Problem to solve: State how many lines of the records contain the string "Measurements", and give no other information.

++++ Extracted data

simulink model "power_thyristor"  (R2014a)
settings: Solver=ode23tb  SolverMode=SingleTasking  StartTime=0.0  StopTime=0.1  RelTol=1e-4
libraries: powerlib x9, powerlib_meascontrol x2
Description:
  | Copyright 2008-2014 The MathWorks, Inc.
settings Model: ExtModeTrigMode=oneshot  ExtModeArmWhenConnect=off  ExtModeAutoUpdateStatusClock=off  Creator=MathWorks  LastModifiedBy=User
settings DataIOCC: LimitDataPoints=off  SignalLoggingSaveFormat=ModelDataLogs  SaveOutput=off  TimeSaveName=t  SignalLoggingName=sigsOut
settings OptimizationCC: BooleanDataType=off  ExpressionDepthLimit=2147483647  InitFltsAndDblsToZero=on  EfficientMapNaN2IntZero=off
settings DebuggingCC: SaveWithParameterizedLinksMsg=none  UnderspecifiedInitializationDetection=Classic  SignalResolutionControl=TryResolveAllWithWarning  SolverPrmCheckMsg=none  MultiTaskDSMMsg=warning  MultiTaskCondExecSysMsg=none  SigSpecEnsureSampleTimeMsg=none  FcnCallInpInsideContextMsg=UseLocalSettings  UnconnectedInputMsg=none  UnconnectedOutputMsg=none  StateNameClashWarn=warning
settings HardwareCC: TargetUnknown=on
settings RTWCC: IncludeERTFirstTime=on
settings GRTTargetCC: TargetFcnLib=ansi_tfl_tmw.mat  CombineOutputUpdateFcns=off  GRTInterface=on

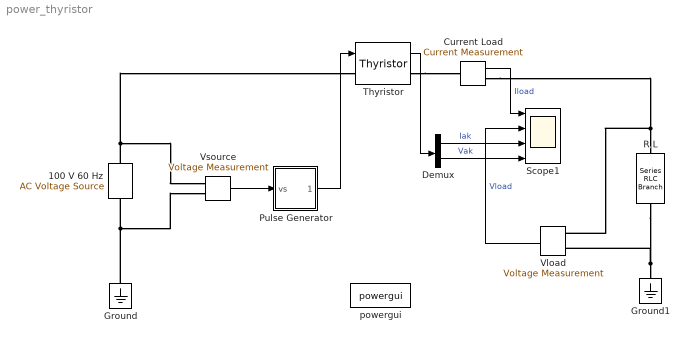
== system power_thyristor ==
  " Pulse Generator" : Subsystem
      mask Display: plot(0,0,100,100,[90,75,75,60,60,35,35,20,20,10],[20,20,80,80,20,20,80,80,20,20])
  100 V 60 Hz : powerlib/Electrical Sources/AC Voltage Source  Description=source block  Amplitude=100  Phase=0  Frequency=60  SampleTime=0  Measurements=None
      settings: AttributesFormatString=\n
  Current Load : powerlib/Measurements/Current Measurement  Tag=PoWeRsYsTeMmEaSuReMeNt  PhasorSimulation=off  OutputType=Magnitude  PSBequivalent=0
  Demux : Demux  Outputs=2
  Ground : powerlib/Elements/Ground  LConnTagsString=a
  Ground1 : powerlib/Elements/Ground  LConnTagsString=a
  R L : powerlib/Elements/Series RLC Branch  LConnTagsString=__new0  RConnTagsString=__new0  BranchType=RL  Resistance=1  Inductance=10e-03  SetiL0=off  InitialCurrent=0  Capacitance=[]  Setx0=off  InitialVoltage=0  Measurements=None
  Scope1 : Scope  NumInputPorts=4
      settings: TimeRange=0.1  YMin=-50~-100~0~-200  YMax=50~100~40~200
  Thyristor : powerlib/Power Electronics/Thyristor  Ron=1e-3  Lon=0  Vf=0.8  IC=0  Rs=20  Cs=4e-6  Measurements=on
      settings: AttributesFormatString=\n
  Vload : powerlib/Measurements/Voltage Measurement  Tag=PoWeRsYsTeMmEaSuReMeNt  PhasorSimulation=off  OutputType=Magnitude  PSBequivalent=0
  Vsource : powerlib/Measurements/Voltage Measurement  Tag=PoWeRsYsTeMmEaSuReMeNt  PhasorSimulation=off  OutputType=Magnitude  PSBequivalent=0
  powergui : powerlib/powergui  SimulationMode=Continuous  SolverType=Tustin  SampleTime=0  frequency=60  SPID=off  DisableSnubberDevices=off  DisableRonSwitches=off  DisableVfSwitches=off  SwTol=0  Interpol=off  DisplayEquations=off  Ts=0  methode=off  frequencyindice=60  Pbase=100e6  ErrMax=1e-4  Iterations=50  UnitsV=kV  UnitsW=MW  FunctionMessages=off  echomessages=off  HookPort=off  EnableUseOfTLC=off  x0status=blocks  RestoreLinks=warning  ResistiveCurrentMeasurement=off  Frange=[0:2:500]  Ylog=off  Xlog=on  ShowGrid=off  save=off  variable=ZData  structure=0  ZoomFFT=on  StartTime=0.0  cycles=1  DisplayStyle=1  fundamental=60  FreqAxis=off  MaxFrequency=1000  frequencyindicesteady=1  RmsSteady=1  display=off
  wires:
  Demux/1 -> Scope1/3  "Iak"
  Demux/2 -> Scope1/4  "Vak"
  Thyristor/1 -> Demux/1
  Current Load/1 -> Scope1/1  "Iload"
  Vload/1 -> Scope1/2  "Vload"
  Vsource/1 -> " Pulse Generator"/1(vs)
  " Pulse Generator"/1(Pulses) -> Thyristor/1
  connections:
  Thyristor/RConn1 -- Current Load/LConn1
  Current Load/RConn1 -- Vload/LConn1 -- R L/LConn1
  Ground1/LConn1 -- R L/RConn1 -- Vload/LConn2
  Ground/LConn1 -- Vsource/LConn2 -- 100 V 60 Hz/LConn1
  100 V 60 Hz/RConn1 -- Vsource/LConn1 -- Thyristor/LConn1

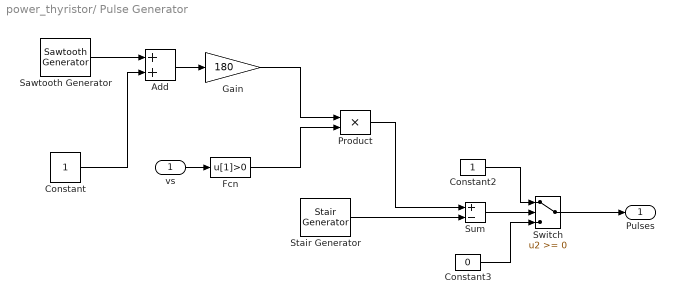
== system power_thyristor/ Pulse Generator ==
  vs : Inport
  Add : Sum
  Constant : Constant
  Constant2 : Constant
  Constant3 : Constant  Value=0
  Fcn : Fcn  Expr=u[1]>0
  Gain : Gain  Gain=180
  Product : Product  SaturateOnIntegerOverflow=on  InputSameDT=on  OutDataTypeStr=Inherit: Same as first input
  Sawtooth Generator : powerlib_meascontrol/Pulse & Signal Generators/Sawtooth Generator  Freq=60  Phase=360  Ts=0
      settings: AttributesFormatString=Freq=%<Freq>\nPhase=%<Phase>
  Stair Generator : powerlib_meascontrol/Pulse & Signal Generators/Stair Generator  t="[ 0  1/60 2/60 3/60 4/60 ]"  e="[20   50   80   110  140  ]"  Ts=0
  Sum : Sum  Inputs=+-  SaturateOnIntegerOverflow=on  InputSameDT=on  OutDataTypeStr=Inherit: Same as first input
  Switch : Switch  SaturateOnIntegerOverflow=on  InputSameDT=on
  Pulses : Outport
  wires:
  Product/1 -> Sum/1
  Fcn/1 -> Product/2
  Constant2/1 -> Switch/1
  Sum/1 -> Switch/2
  Switch/1 -> Pulses/1
  Constant3/1 -> Switch/3
  Stair Generator/1 -> Sum/2
  Sawtooth Generator/1 -> Add/1
  Add/1 -> Gain/1
  Constant/1 -> Add/2
  Gain/1 -> Product/1
  vs/1 -> Fcn/1
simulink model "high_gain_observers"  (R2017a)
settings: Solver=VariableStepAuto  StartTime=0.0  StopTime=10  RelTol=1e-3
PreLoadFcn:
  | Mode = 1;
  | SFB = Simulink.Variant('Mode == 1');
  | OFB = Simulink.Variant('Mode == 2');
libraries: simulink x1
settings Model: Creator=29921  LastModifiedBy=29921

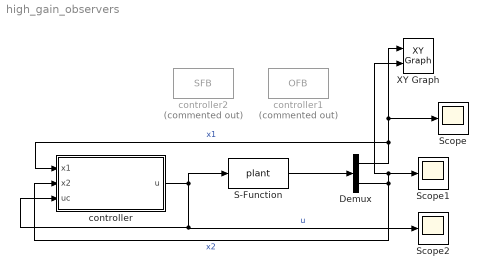
== system high_gain_observers ==
  Demux : Demux  Outputs=2
  S-Function : S-Function  FunctionName=plant  SFunctionDeploymentMode=off  EnableBusSupport=off
  Scope : Scope
  Scope1 : Scope
  Scope2 : Scope
  XY Graph : simulink/Sinks/XY Graph  xmin=-3  xmax=3  ymin=-2  ymax=2  st=-1
  controller : Subsystem  Variant=on
  controller1 : S-Function  Commented=on  FunctionName=OFB  SFunctionDeploymentMode=off  EnableBusSupport=off
  controller2 : S-Function  Commented=on  FunctionName=SFB  SFunctionDeploymentMode=off  EnableBusSupport=off
  wires:
  S-Function/1 -> Demux/1
  Demux/1 -> controller/1(x1), XY Graph/1, Scope/1  "x1"
  Demux/2 -> controller/2(x2), Scope1/1, XY Graph/2  "x2"
  controller/1(u) -> S-Function/1, controller/3(uc), Scope2/1  "u"

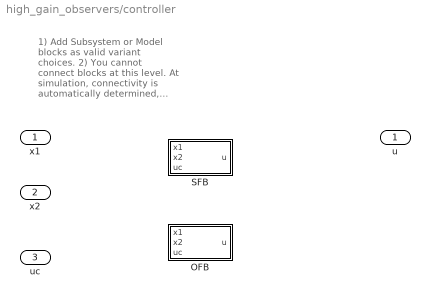
== system high_gain_observers/controller ==
  note: 1) Add Subsystem or Model blocks as valid variant choices.
      | 2) You cannot connect blocks at this level. At simulation, connectivity is automatically
      | determined, based on the active variant and port name matching.
  x1 : Inport
  x2 : Inport  Port=2
  uc : Inport  Port=3
  OFB : Subsystem  VariantControl=OFB
  SFB : Subsystem  VariantControl=SFB
  u : Outport

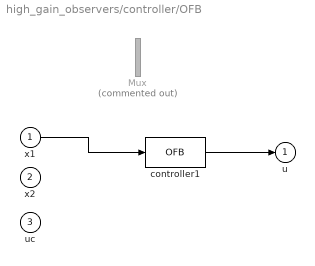
== system high_gain_observers/controller/OFB ==
  x1 : Inport
  x2 : Inport  Port=2
  uc : Inport  Port=3
  Mux : Mux  Commented=on  Inputs=2
  controller1 : S-Function  FunctionName=OFB  SFunctionDeploymentMode=off  EnableBusSupport=off
  u : Outport
  wires:
  controller1/1 -> u/1
  x1/1 -> controller1/1

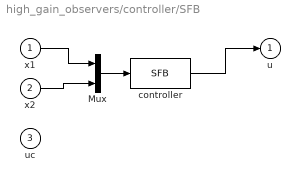
== system high_gain_observers/controller/SFB ==
  x1 : Inport
  x2 : Inport  Port=2
  uc : Inport  Port=3
  Mux : Mux  Inputs=2
  controller : S-Function  FunctionName=SFB  SFunctionDeploymentMode=off  EnableBusSupport=off
  u : Outport
  wires:
  x1/1 -> Mux/1
  x2/1 -> Mux/2
  Mux/1 -> controller/1
  controller/1 -> u/1
simulink model "SWC_DID_type"  (R2021b)
settings: Solver=FixedStepDiscrete  StartTime=0.0  StopTime=10.0  RelTol=1e-3
(part 2 of 2)

== system SWC_DID_type/P_DIDWriteCDD/run_DIDSet_UWBAnchorSta_sys ==
  note: Added blocks
  note: Added blocks
  note: Added blocks
  note: Added blocks
  function : TriggerPort  TriggerType=function-call  IsSimulinkFunction=on  FunctionName=run_DIDSet_UWBAnchorSta  VariantControl=(inherit)
  Terminator_1 : Terminator
  Terminator_2 : Terminator
  Terminator_3 : Terminator
  u16_DIDNum_UWBAnchorSta : ArgIn  OutDataTypeStr=uint16  ArgumentName=u16_DIDNum_UWBAnchorSta
  u16_DIDLen_UWBAnchorSta : ArgIn  Port=2  OutDataTypeStr=uint16  ArgumentName=u16_DIDLen_UWBAnchorSta
  u8Array93_UWBAnchorSta : ArgIn  Port=3  OutDataTypeStr=uint8  PortDimensions=93  ArgumentName=u8Array93_UWBAnchorSta
  wires:
  u16_DIDNum_UWBAnchorSta/1 -> Terminator_1/1
  u16_DIDLen_UWBAnchorSta/1 -> Terminator_2/1
  u8Array93_UWBAnchorSta/1 -> Terminator_3/1

== system SWC_DID_type/P_DIDWriteCDD/run_DIDSet_VIN_sys ==
  note: Added blocks
  note: Added blocks
  note: Added blocks
  note: Added blocks
  function : TriggerPort  TriggerType=function-call  IsSimulinkFunction=on  FunctionName=run_DIDSet_VIN  VariantControl=(inherit)
  Terminator_1 : Terminator
  Terminator_2 : Terminator
  Terminator_3 : Terminator
  u16_DIDNum_VIN : ArgIn  OutDataTypeStr=uint16  ArgumentName=u16_DIDNum_VIN
  u16_DIDLen_VIN : ArgIn  Port=2  OutDataTypeStr=uint16  ArgumentName=u16_DIDLen_VIN
  u8Array17_VIN : ArgIn  Port=3  OutDataTypeStr=uint8  PortDimensions=17  ArgumentName=u8Array17_VIN
  wires:
  u16_DIDNum_VIN/1 -> Terminator_1/1
  u16_DIDLen_VIN/1 -> Terminator_2/1
  u8Array17_VIN/1 -> Terminator_3/1

== system SWC_DID_type/P_DIDWriteCDD/run_DIDSet_VSS_sys ==
  note: Added blocks
  note: Added blocks
  note: Added blocks
  note: Added blocks
  function : TriggerPort  TriggerType=function-call  IsSimulinkFunction=on  FunctionName=run_DIDSet_VSS  VariantControl=(inherit)
  Terminator_1 : Terminator
  Terminator_2 : Terminator
  Terminator_3 : Terminator
  u16_DIDNum_VSS : ArgIn  OutDataTypeStr=uint16  ArgumentName=u16_DIDNum_VSS
  u16_DIDLen_VSS : ArgIn  Port=2  OutDataTypeStr=uint16  ArgumentName=u16_DIDLen_VSS
  u8_VSS : ArgIn  Port=3  OutDataTypeStr=uint8  ArgumentName=u8_VSS
  wires:
  u16_DIDNum_VSS/1 -> Terminator_1/1
  u16_DIDLen_VSS/1 -> Terminator_2/1
  u8_VSS/1 -> Terminator_3/1

== system SWC_DID_type/P_DIDWriteCDD/run_DIDSet_WhlPres_sys ==
  function : TriggerPort  TriggerType=function-call  IsSimulinkFunction=on  FunctionName=run_DIDSet_WhlPres  VariantControl=(inherit)
  Terminator_1 : Terminator
  Terminator_2 : Terminator
  Terminator_3 : Terminator
  u16_DIDNum_WhlPres : ArgIn  OutDataTypeStr=uint16  ArgumentName=u16_DIDNum_WhlPres
  u16_DIDLen_WhlPres : ArgIn  Port=2  OutDataTypeStr=uint16  ArgumentName=u16_DIDLen_WhlPres
  u8Array4_WhlPres : ArgIn  Port=3  OutDataTypeStr=uint8  PortDimensions=4  ArgumentName=u8Array4_WhlPres
  wires:
  u16_DIDNum_WhlPres/1 -> Terminator_1/1
  u16_DIDLen_WhlPres/1 -> Terminator_2/1
  u8Array4_WhlPres/1 -> Terminator_3/1

== system SWC_DID_type/P_DIDWriteCDD/run_DIDSet_WhlSensorBattSta_sys ==
  function : TriggerPort  TriggerType=function-call  IsSimulinkFunction=on  FunctionName=run_DIDSet_WhlSensorBattSta  VariantControl=(inherit)
  Terminator_1 : Terminator
  Terminator_2 : Terminator
  Terminator_3 : Terminator
  u16_DIDNum_WhlSensorBattSta : ArgIn  OutDataTypeStr=uint16  ArgumentName=u16_DIDNum_WhlSensorBattSta
  u16_DIDLen_WhlSensorBattSta : ArgIn  Port=2  OutDataTypeStr=uint16  ArgumentName=u16_DIDLen_WhlSensorBattSta
  u8_WhlSensorBattSta : ArgIn  Port=3  OutDataTypeStr=uint8  ArgumentName=u8_WhlSensorBattSta
  wires:
  u16_DIDNum_WhlSensorBattSta/1 -> Terminator_1/1
  u16_DIDLen_WhlSensorBattSta/1 -> Terminator_2/1
  u8_WhlSensorBattSta/1 -> Terminator_3/1

== system SWC_DID_type/P_DIDWriteCDD/run_DIDSet_WhlTmp_sys ==
  function : TriggerPort  TriggerType=function-call  IsSimulinkFunction=on  FunctionName=run_DIDSet_WhlTmp  VariantControl=(inherit)
  Terminator_1 : Terminator
  Terminator_2 : Terminator
  Terminator_3 : Terminator
  u16_DIDNum_WhlTmp : ArgIn  OutDataTypeStr=uint16  ArgumentName=u16_DIDNum_WhlTmp
  u16_DIDLen_WhlTmp : ArgIn  Port=2  OutDataTypeStr=uint16  ArgumentName=u16_DIDLen_WhlTmp
  u8Array4_WhlTmp : ArgIn  Port=3  OutDataTypeStr=uint8  PortDimensions=4  ArgumentName=u8Array4_WhlTmp
  wires:
  u16_DIDNum_WhlTmp/1 -> Terminator_1/1
  u16_DIDLen_WhlTmp/1 -> Terminator_2/1
  u8Array4_WhlTmp/1 -> Terminator_3/1

== system SWC_DID_type/P_DIDWriteCDD/run_DIDSet_WipRLSCmdCutFilter_sys ==
  function : TriggerPort  TriggerType=function-call  IsSimulinkFunction=on  FunctionName=run_DIDSet_WipRLSCmdCutFilter  VariantControl=(inherit)
  Terminator_1 : Terminator
  Terminator_2 : Terminator
  Terminator_3 : Terminator
  u16_DIDNum_WipRLSCmdCutFilter : ArgIn  OutDataTypeStr=uint16  ArgumentName=u16_DIDNum_WipRLSCmdCutFilter
  u16_DIDLen_WipRLSCmdCutFilter : ArgIn  Port=2  OutDataTypeStr=uint16  ArgumentName=u16_DIDLen_WipRLSCmdCutFilter
  u8_WipRLSCmdCutFilter : ArgIn  Port=3  OutDataTypeStr=uint8  ArgumentName=u8_WipRLSCmdCutFilter
  wires:
  u16_DIDNum_WipRLSCmdCutFilter/1 -> Terminator_1/1
  u16_DIDLen_WipRLSCmdCutFilter/1 -> Terminator_2/1
  u8_WipRLSCmdCutFilter/1 -> Terminator_3/1

== system SWC_DID_type/P_DIDWriteCDD/run_DIDSet_WipRLSCmdHoldFilter_sys ==
  function : TriggerPort  TriggerType=function-call  IsSimulinkFunction=on  FunctionName=run_DIDSet_WipRLSCmdHoldFilter  VariantControl=(inherit)
  Terminator_1 : Terminator
  Terminator_2 : Terminator
  Terminator_3 : Terminator
  u16_DIDNum_WipRLSCmdHoldFilter : ArgIn  OutDataTypeStr=uint16  ArgumentName=u16_DIDNum_WipRLSCmdHoldFilter
  u16_DIDLen_WipRLSCmdHoldFilter : ArgIn  Port=2  OutDataTypeStr=uint16  ArgumentName=u16_DIDLen_WipRLSCmdHoldFilter
  u8_WipRLSCmdHoldFilter : ArgIn  Port=3  OutDataTypeStr=uint8  ArgumentName=u8_WipRLSCmdHoldFilter
  wires:
  u16_DIDNum_WipRLSCmdHoldFilter/1 -> Terminator_1/1
  u16_DIDLen_WipRLSCmdHoldFilter/1 -> Terminator_2/1
  u8_WipRLSCmdHoldFilter/1 -> Terminator_3/1

== system SWC_DID_type/P_DIDWriteCDD/run_DIDSet_XWDMode_sys ==
  function : TriggerPort  TriggerType=function-call  IsSimulinkFunction=on  FunctionName=run_DIDSet_XWDMode  VariantControl=(inherit)
  Terminator_1 : Terminator
  Terminator_2 : Terminator
  Terminator_3 : Terminator
  u16_DIDNum_XWDMode : ArgIn  OutDataTypeStr=uint16  ArgumentName=u16_DIDNum_XWDMode
  u16_DIDLen_XWDMode : ArgIn  Port=2  OutDataTypeStr=uint16  ArgumentName=u16_DIDLen_XWDMode
  u8_XWDMode : ArgIn  Port=3  OutDataTypeStr=uint8  ArgumentName=u8_XWDMode
  wires:
  u16_DIDNum_XWDMode/1 -> Terminator_1/1
  u16_DIDLen_XWDMode/1 -> Terminator_2/1
  u8_XWDMode/1 -> Terminator_3/1

++++++++

Solution for this exercise: 6